YOUR INSTRUCTIONS: Search term "construction": copy each line of the records that contains it.

[Stored data entries]
'''
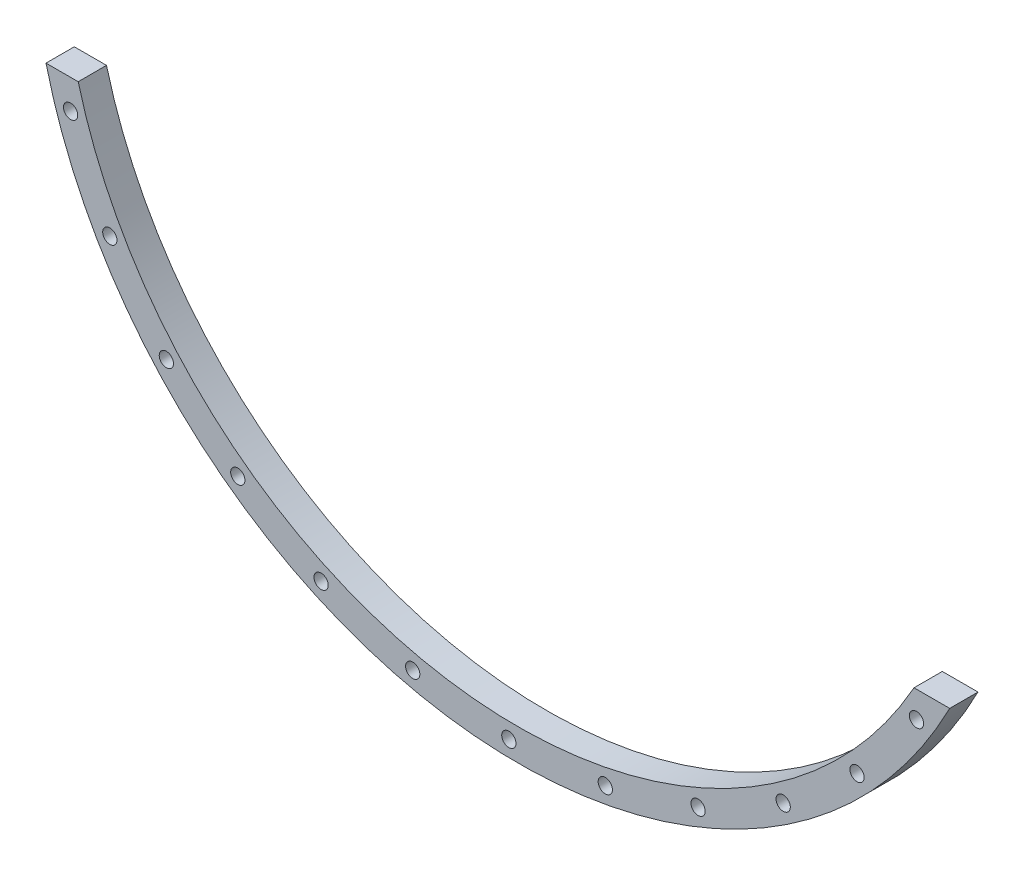
SolidWorks part; units mm, degrees
material "PE High Density"
ref_plane "Front Plane" through (0, 0, 0) normal (0, 0, 1) x (1, 0, 0)
ref_plane "Top Plane" through (0, 0, 0) normal (0, 1, 0) x (1, 0, 0)
ref_plane "Right Plane" through (0, 0, 0) normal (1, 0, 0) x (0, 0, -1)
sketch "Sketch1" plane through (0, 0, 0) normal (0, 0, 1) x (1, 0, 0)
  line L0 (88.9044, -50) -> (96.9118, -50) construction
  line L1 (-105.8537, -26) -> (-98.6306, -26) construction
  line L2 (88.9044, -50) -> (96.9118, -50)
  line L3 (-105.8537, -26) -> (-98.6306, -26)
  circle A0 centre (0, 0) radius 109 construction
  circle A1 centre (0, 0) radius 102 construction
  circle A2 centre (0, 0) radius 109 construction
  circle A3 centre (0, 0) radius 102 construction
  arc A4 (-98.6306, -26) -> (88.9044, -50) centre (0, 0) ccw
  arc A6 (-105.8537, -26) -> (96.9118, -50) centre (0.0181, -0.0739) ccw
extrude "Boss-Extrude1" add sketch "Sketch1" along normal mid plane 6.35
sketch "Sketch4" plane through (0, 0, 3.175) normal (0, 0, 1) x (1, 0, 0)
  circle A1 centre (-103.1946, -21.9347) radius 1.6
  circle A2 centre (-103.1946, -21.9347) radius 1.6
  circle A3 centre (-105.4075, -4.4179) radius 1.6
  circle A4 centre (-105.4075, -4.4179) radius 1.6
  circle A5 centre (-104.6681, -13.2227) radius 1.6
  circle A6 centre (-104.6681, -13.2227) radius 1.6
  circle A7 centre (-100.3365, 32.6013) radius 1.6
  circle A8 centre (-100.3365, 32.6013) radius 1.6
  circle A9 centre (104.2954, 15.8973) radius 1.6
  circle A10 centre (104.2954, 15.8973) radius 1.6
  circle A11 centre (100.709, 31.4316) radius 1.6
  circle A12 centre (100.709, 31.4316) radius 1.6
  circle A13 centre (94.8228, 46.2482) radius 1.6
  circle A14 centre (94.8228, 46.2482) radius 1.6
  circle A15 centre (-103.1946, 21.9347) radius 1.6
  circle A16 centre (-103.1946, 21.9347) radius 1.6
  circle A17 centre (-104.6681, 13.2227) radius 1.6
  circle A18 centre (-104.6681, 13.2227) radius 1.6
  circle A19 centre (-105.4075, 4.4179) radius 1.6
  circle A20 centre (-105.4075, 4.4179) radius 1.6
  circle A21 centre (89.4691, -55.9065) radius 1.6
  circle A22 centre (89.4691, -55.9065) radius 1.6
  circle A23 centre (-44.1306, 95.8266) radius 1.6
  circle A24 centre (-44.1306, 95.8266) radius 1.6
  circle A25 centre (-62.8211, 84.7571) radius 1.6
  circle A26 centre (-62.8211, 84.7571) radius 1.6
  circle A27 centre (-78.8482, 70.0943) radius 1.6
  circle A28 centre (-78.8482, 70.0943) radius 1.6
  circle A29 centre (-91.5326, 52.4598) radius 1.6
  circle A30 centre (-91.5326, 52.4598) radius 1.6
  circle A31 centre (94.8228, -46.2482) radius 1.6
  circle A32 centre (94.8228, -46.2482) radius 1.6
  circle A33 centre (100.709, -31.4316) radius 1.6
  circle A34 centre (100.709, -31.4316) radius 1.6
  circle A35 centre (104.2954, -15.8973) radius 1.6
  circle A36 centre (104.2954, -15.8973) radius 1.6
  circle A37 centre (105.5, 0) radius 1.6
  circle A38 centre (105.5, 0) radius 1.6
  circle A39 centre (76.1225, -73.0453) radius 1.6
  circle A40 centre (76.1225, -73.0453) radius 1.6
  circle A41 centre (89.4691, 55.9065) radius 1.6
  circle A42 centre (89.4691, 55.9065) radius 1.6
  circle A43 centre (76.1225, 73.0453) radius 1.6
  circle A44 centre (76.1225, 73.0453) radius 1.6
  circle A45 centre (59.5488, 87.0873) radius 1.6
  circle A46 centre (59.5488, 87.0873) radius 1.6
  circle A47 centre (40.4504, 97.4372) radius 1.6
  circle A48 centre (40.4504, 97.4372) radius 1.6
  circle A49 centre (19.6372, 103.6563) radius 1.6
  circle A50 centre (19.6372, 103.6563) radius 1.6
  circle A51 centre (-2.0086, 105.4809) radius 1.6
  circle A52 centre (-2.0086, 105.4809) radius 1.6
  circle A53 centre (-23.5692, 102.8336) radius 1.6
  circle A54 centre (-23.5692, 102.8336) radius 1.6
  circle A55 centre (-91.5326, -52.4598) radius 1.6
  circle A56 centre (-91.5326, -52.4598) radius 1.6
  circle A57 centre (-62.8211, -84.7571) radius 1.6
  circle A58 centre (-62.8211, -84.7571) radius 1.6
  circle A59 centre (-44.1306, -95.8266) radius 1.6
  circle A60 centre (-44.1306, -95.8266) radius 1.6
  circle A61 centre (-23.5692, -102.8336) radius 1.6
  circle A62 centre (-23.5692, -102.8336) radius 1.6
  circle A63 centre (-2.0086, -105.4809) radius 1.6
  circle A64 centre (-2.0086, -105.4809) radius 1.6
  circle A65 centre (19.6372, -103.6563) radius 1.6
  circle A66 centre (19.6372, -103.6563) radius 1.6
  circle A67 centre (40.4504, -97.4372) radius 1.6
  circle A68 centre (40.4504, -97.4372) radius 1.6
  circle A69 centre (59.5488, -87.0873) radius 1.6
  circle A70 centre (59.5488, -87.0873) radius 1.6
  circle A71 centre (-78.8482, -70.0943) radius 1.6
  circle A72 centre (-78.8482, -70.0943) radius 1.6
  circle A73 centre (-100.3365, -32.6013) radius 1.6
  circle A74 centre (-100.3365, -32.6013) radius 1.6
  dimension "D1" = 0
  dimension "D2" = 0
  dimension "D3" = 0
  dimension "D4" = 0
  dimension "D5" = 0
  dimension "D6" = 0
  dimension "D7" = 0
  dimension "D8" = 0
  dimension "D9" = 0
  dimension "D10" = 0
  dimension "D11" = 0
  dimension "D12" = 0
  dimension "D13" = 0
  dimension "D14" = 0
  dimension "D15" = 0
  dimension "D16" = 0
  dimension "D17" = 0
  dimension "D18" = 0
  dimension "D19" = 0
  dimension "D20" = 0
  dimension "D21" = 0
  dimension "D22" = 0
  dimension "D23" = 0
  dimension "D24" = 0
  dimension "D25" = 0
  dimension "D26" = 0
  dimension "D27" = 0
  dimension "D28" = 0
  dimension "D29" = 0
  dimension "D30" = 0
  dimension "D31" = 0
  dimension "D32" = 0
  dimension "D33" = 0
  dimension "D34" = 0
  dimension "D35" = 0
  dimension "D36" = 0
  dimension "D37" = 0
extrude "Cut-Extrude3" cut sketch "Sketch4" against normal through all
'''
SOLUTION FOR THIS TASK:
  line L0 (88.9044, -50) -> (96.9118, -50) construction
  line L1 (-105.8537, -26) -> (-98.6306, -26) construction
  circle A0 centre (0, 0) radius 109 construction
  circle A1 centre (0, 0) radius 102 construction
  circle A2 centre (0, 0) radius 109 construction
  circle A3 centre (0, 0) radius 102 construction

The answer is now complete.